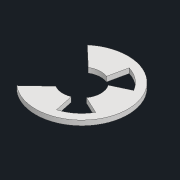
# Autodesk Inventor part: 7mm E-Clip
Saved by Autodesk Inventor 2022 (Build 260153000, 153)
## iProperties
Created: 2022-09-24
Part Number: 7mm E-Clip
Material: Generic
Document SubType Name: Modeling
Designer: robpl
Density: 1 g/cm^3
Appearance: Iron Gray
Author: robpl
Autodesk Inventor part; units mm, degrees
ref_plane "YZ Plane" through (0, 0, 0) normal (1, 0, 0) x (0, 1, 0)
ref_plane "XZ Plane" through (0, 0, 0) normal (0, 1, 0) x (-1, 0, 0)
ref_plane "XY Plane" through (0, 0, 0) normal (0, 0, 1) x (1, 0, 0)
sketch "Sketch1" plane through (0, 0, 0) normal (0, 1, 0) x (-1, 0, 0)
  circle A0 centre (0, 0) radius 8.5
  circle A1 centre (0, 0) radius 3.5
  circle A2 centre (0, 0) radius 7
  line L0 (5.4772, 6.5) -> (1.8028, 3)
  line L1 (1.8028, -3) -> (5.4772, -6.5)
  line L2 (-1.299, 3.25) -> (-2.0392, 6.6964)
  line L3 (-2.8723, 2) -> (-6.0622, 3.5)
  line L4 (-2.8723, -2) -> (-6.0622, -3.5)
  line L5 (-1.299, -3.25) -> (-2.0392, -6.6964)
  dimension "d0" = 17
  dimension "d2" = 6
  dimension "d3" = 14
  dimension "d4" = 13
  dimension "d5" = 4
  dimension "d6" = 7
  dimension "d8" = 7
  dimension "d9" = 6.5
  constraints: 12 end point, 12 point on circle, 5 vertical alignment, 4 coincident, 4 equal length, 3 centre point
  measures "d0" diameter of A0
  measures "d2" distance of L1.start L0.end
  measures "d3" diameter of A2
  measures "d4" distance of L1.end L0.start
  measures "d5" distance of L3.start L4.start
  measures "d6" distance of L4.end L3.end
  measures "d8" diameter of A1
  measures "d9" distance of L2.start L5.start
extrude "Extrusion1" add sketch "Sketch1" along normal blind 0.9 contours L0 A2 L1 A0 | L0 A1 L2 A2 | A2 L5 A1 L1 | L3 A1 L4 A2 picked at (-7.9468, 0.2439)
body "Solid1"

——————

What is expected: Line by line, check the listing above for the string "measures" and say how many lines have it, giving the number alone.

Exercise response: 8